Hotel des Archives is a trilogy of books consisting of verse recastings from the French novels of Beckett, Genet and Duras. Synchronous with postmodernism's aesthetics of appropriation, détournement, sampling and other intertextual strategies, the project operates a double shift of genre and language, since she moves from the original French and from prose to lyric. These transcreations, as Tysh has been calling them, allow her to forsake the traditional mode of self-expression in favor of one that "translates" other cultural materials, creating an artistic network beyond boundaries and temporalities.

In Molloy, the Flip Side, she uses the French language in which Samuel Beckett wrote his novel Molloy to guide her into finding a contemporary American vernacular through which the hapless narrator speaks. Her three-line stanza formation compresses Beckett’s diegetic universe, sparse as it is, and allows her to link the two texts through the projection of a new, speaking subject — a funny, witty, old and disabled bum, going slowly nowhere.

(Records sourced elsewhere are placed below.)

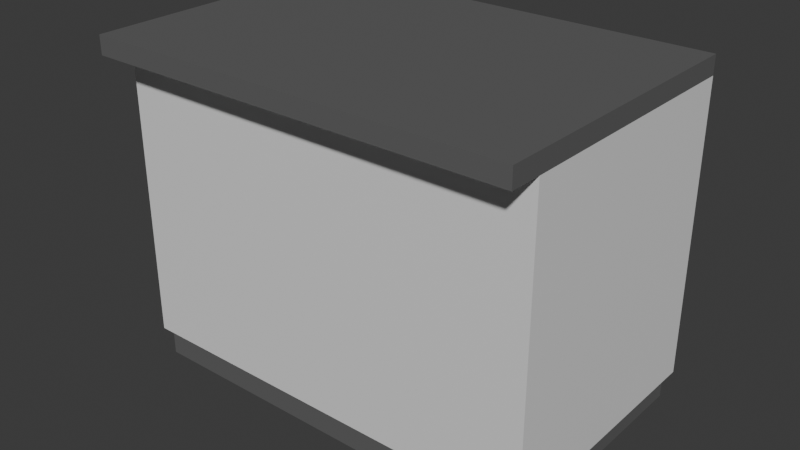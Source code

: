# Source: counter.blend  (saved by Blender 5.0.119; exported with 4.5.12 LTS)
import bpy
from mathutils import Matrix  # noqa: F401  (used for matrix-valued properties, if any)

bpy.ops.wm.read_factory_settings(use_empty=True)
scene = bpy.context.scene
scene.name = 'Scene'

# ---- collections
col_collection = bpy.data.collections.new('Collection'); scene.collection.children.link(col_collection)

# ---- materials (node trees are filled in below, after node groups)
mat_colour2 = bpy.data.materials.new('colour2')
mat_colour1 = bpy.data.materials.new('colour1')

# ---- material node trees
mat_colour2.use_nodes = True; mat_colour2.node_tree.nodes.clear()
_N = mat_colour2.node_tree.nodes; _L = mat_colour2.node_tree.links
n0 = _N.new('ShaderNodeBsdfPrincipled'); n0.name = 'Principled BSDF'; n0.location = (-200, 100)
n0.inputs[0].default_value = (0.1271, 0.1271, 0.1271, 1.0)
n1 = _N.new('ShaderNodeOutputMaterial'); n1.name = 'Material Output'; n1.location = (200, 100)
_L.new(n0.outputs[0], n1.inputs[0])
n1.is_active_output = True
mat_colour1.use_nodes = True; mat_colour1.node_tree.nodes.clear()
_N = mat_colour1.node_tree.nodes; _L = mat_colour1.node_tree.links
n0 = _N.new('ShaderNodeBsdfPrincipled'); n0.name = 'Principled BSDF'; n0.location = (-200, 100)
n1 = _N.new('ShaderNodeOutputMaterial'); n1.name = 'Material Output'; n1.location = (200, 100)
_L.new(n0.outputs[0], n1.inputs[0])
n1.is_active_output = True

# ---- world
world_world = bpy.data.worlds.new('World'); scene.world = world_world
world_world.use_nodes = True; world_world.node_tree.nodes.clear()
_N = world_world.node_tree.nodes; _L = world_world.node_tree.links
n0 = _N.new('ShaderNodeOutputWorld'); n0.name = 'World Output'; n0.location = (200, 100)
n1 = _N.new('ShaderNodeBackground'); n1.name = 'Background'; n1.location = (-200, 100)
n1.inputs[0].default_value = (0.05088, 0.05088, 0.05088, 1.0)
_L.new(n1.outputs[0], n0.inputs[0])
n0.is_active_output = True
world_world.color = (0.05088, 0.05088, 0.05088)
world_world.sun_shadow_jitter_overblur = 0.0

# ---- meshes
me_cube_008 = bpy.data.meshes.new('Cube.008')
me_cube_008.from_pydata([(-0.5, -0.5, -0.5), (-0.5, -0.5, 0.5), (-0.5, 0.5, -0.5), (-0.5, 0.5, 0.5), (0.5, -0.5, -0.5), (0.5, -0.5, 0.5), (0.5, 0.5, -0.5), (0.5, 0.5, 0.5), (-0.5, -0.5, -0.392), (-0.5, 0.5, -0.392), (0.5, 0.5, -0.392), (0.5, -0.5, -0.392)], [], [(8, 1, 3, 9), (9, 3, 7, 10), (10, 7, 5, 11), (11, 5, 1, 8), (2, 6, 4, 0), (7, 3, 1, 5), (4, 11, 8, 0), (6, 10, 11, 4), (2, 9, 10, 6), (0, 8, 9, 2)])
_uv = me_cube_008.uv_layers.new(name='UVMap')
_uv.uv.foreach_set('vector', [0.402, 0.0, 0.625, 0.0, 0.625, 0.25, 0.402, 0.25, 0.402, 0.25, 0.625, 0.25, 0.625, 0.5, 0.402, 0.5, 0.402, 0.5, 0.625, 0.5, 0.625, 0.75, 0.402, 0.75, 0.402, 0.75, 0.625, 0.75, 0.625, 1.0, 0.402, 1.0, 0.125, 0.5, 0.375, 0.5, 0.375, 0.75, 0.125, 0.75, 0.625, 0.5, 0.875, 0.5, 0.875, 0.75, 0.625, 0.75, 0.375, 0.75, 0.402, 0.75, 0.402, 1.0, 0.375, 1.0, 0.375, 0.5, 0.402, 0.5, 0.402, 0.75, 0.375, 0.75, 0.375, 0.25, 0.402, 0.25, 0.402, 0.5, 0.375, 0.5, 0.375, 0.0, 0.402, 0.0, 0.402, 0.25, 0.375, 0.25])
me_cube_008.materials.append(mat_colour2)
me_cube_008.update()
me_cube_010 = bpy.data.meshes.new('Cube.010')
me_cube_010.from_pydata([(-0.5, -0.5, 0.4674), (-0.5, 0.5, 0.4674), (0.5, -0.5, 0.4674), (0.5, 0.5, 0.4674), (-0.5, -0.5, 0.4165), (-0.5, 0.5, 0.4165), (0.5, 0.5, 0.4165), (0.5, -0.5, 0.4165), (-0.5, 0.5, -0.3823), (0.5, 0.5, -0.3823), (0.5, -0.5, -0.3823), (-0.5, -0.5, -0.3823), (-0.5, -0.6262, 0.4165), (-0.5, -0.6262, 0.4674), (0.5, -0.6262, 0.4674), (0.5, -0.6262, 0.4165), (-0.5, -0.5, -0.3823), (-0.5, 0.5, -0.3823), (0.5, 0.5, -0.3823), (0.5, -0.5, -0.3823)], [], [(4, 0, 1, 5), (5, 1, 3, 6), (6, 3, 2, 7), (2, 0, 13, 14), (3, 1, 0, 2), (19, 7, 4, 16), (18, 6, 7, 19), (17, 5, 6, 18), (16, 4, 5, 17), (15, 14, 13, 12), (0, 4, 12, 13), (4, 7, 15, 12), (7, 2, 14, 15), (11, 16, 17, 8), (8, 17, 18, 9), (9, 18, 19, 10), (10, 19, 16, 11)])
me_cube_010.polygons.foreach_set('material_index', [1, 1, 1, 1, 1, 0, 0, 0, 0, 1, 1, 0, 1, 0, 0, 0, 0])
_uv = me_cube_010.uv_layers.new(name='UVMap')
_uv.uv.foreach_set('vector', [0.596, 0.0, 0.625, 0.0, 0.625, 0.25, 0.596, 0.25, 0.596, 0.25, 0.625, 0.25, 0.625, 0.5, 0.596, 0.5, 0.596, 0.5, 0.625, 0.5, 0.625, 0.75, 0.596, 0.75, 0.625, 0.75, 0.875, 0.75, 0.875, 0.75, 0.625, 0.75, 0.625, 0.5, 0.875, 0.5, 0.875, 0.75, 0.625, 0.75, 0.4044, 0.75, 0.596, 0.75, 0.596, 1.0, 0.4044, 1.0, 0.4044, 0.5, 0.596, 0.5, 0.596, 0.75, 0.4044, 0.75, 0.4044, 0.25, 0.596, 0.25, 0.596, 0.5, 0.4044, 0.5, 0.4044, 0.0, 0.596, 0.0, 0.596, 0.25, 0.4044, 0.25, 0.596, 0.75, 0.625, 0.75, 0.625, 1.0, 0.596, 1.0, 0.625, 0.0, 0.596, 0.0, 0.596, 0.0, 0.625, 0.0, 0.596, 1.0, 0.596, 0.75, 0.596, 0.75, 0.596, 1.0, 0.596, 0.75, 0.625, 0.75, 0.625, 0.75, 0.596, 0.75, 0.4044, 0.0, 0.4044, 0.0, 0.4044, 0.25, 0.4044, 0.25, 0.4044, 0.25, 0.4044, 0.25, 0.4044, 0.5, 0.4044, 0.5, 0.4044, 0.5, 0.4044, 0.5, 0.4044, 0.75, 0.4044, 0.75, 0.4044, 0.75, 0.4044, 0.75, 0.4044, 1.0, 0.4044, 1.0])
me_cube_010.materials.append(mat_colour1)
me_cube_010.materials.append(mat_colour2)
me_cube_010.update()

# ---- objects
ob_cube = bpy.data.objects.new('Cube', me_cube_008)
ob_cube_001 = bpy.data.objects.new('Cube.001', me_cube_010)

# ---- transforms, parenting, visibility, modifiers, constraints
ob_cube.location = (0.0, 0.0, 0.0)
ob_cube.scale = (0.7189, 0.4292, 0.5859)
ob_cube_001.location = (0.0, 0.0, 0.0)
ob_cube_001.scale = (0.7461, 0.4474, 0.6392)

# ---- collection membership
col_collection.objects.link(ob_cube)
col_collection.objects.link(ob_cube_001)

# ---- scene / render settings (as saved in the file)
scene.frame_start = 1; scene.frame_end = 250; scene.frame_set(1)
scene.render.engine = 'BLENDER_EEVEE_NEXT'
scene.render.bake_bias = 0.0
scene.render.bake_samples = 0
scene.cycles.sampling_pattern = 'TABULATED_SOBOL'
scene.eevee.use_volume_custom_range = False
bpy.context.view_layer.update()

# ---- added for rendering (the .blend has no active camera and no usable light): camera, sun
cam_auto = bpy.data.cameras.new('AutoCamera')
cam_auto.lens = 50.0
cam_auto.sensor_width = 36.0
cam_auto.clip_end = 1000.0
ob_auto_camera = bpy.data.objects.new('AutoCamera', cam_auto)
scene.collection.objects.link(ob_auto_camera)
ob_auto_camera.location = (0.996768, -1.22435, 0.80034)
ob_auto_camera.rotation_euler = (1.09748, -7.21219e-08, 0.694738)
scene.camera = ob_auto_camera
light_auto_sun = bpy.data.lights.new('AutoSun', 'SUN')
light_auto_sun.energy = 3.0
light_auto_sun.angle = 0.0523599
ob_auto_sun = bpy.data.objects.new('AutoSun', light_auto_sun)
scene.collection.objects.link(ob_auto_sun)
ob_auto_sun.rotation_euler = (0.872665, 0.174533, 0.523599)
bpy.context.view_layer.update()

In Our Lady of the Flowers, Echoic, Jean Genet's 1943 disturbing elegy for social heterogeneity, she attempts to find a poetic equivalent with which to evoke Divine, Mignon-Dainty-Feet, and the young assassin, Our Lady, three saintly figures in a forbidden realm of the senses. The seven-line stanzas of my Our Lady of the Flowers, Echoic are spacious enough to accommodate the narrative arc, while foregrounding their lyrical impact.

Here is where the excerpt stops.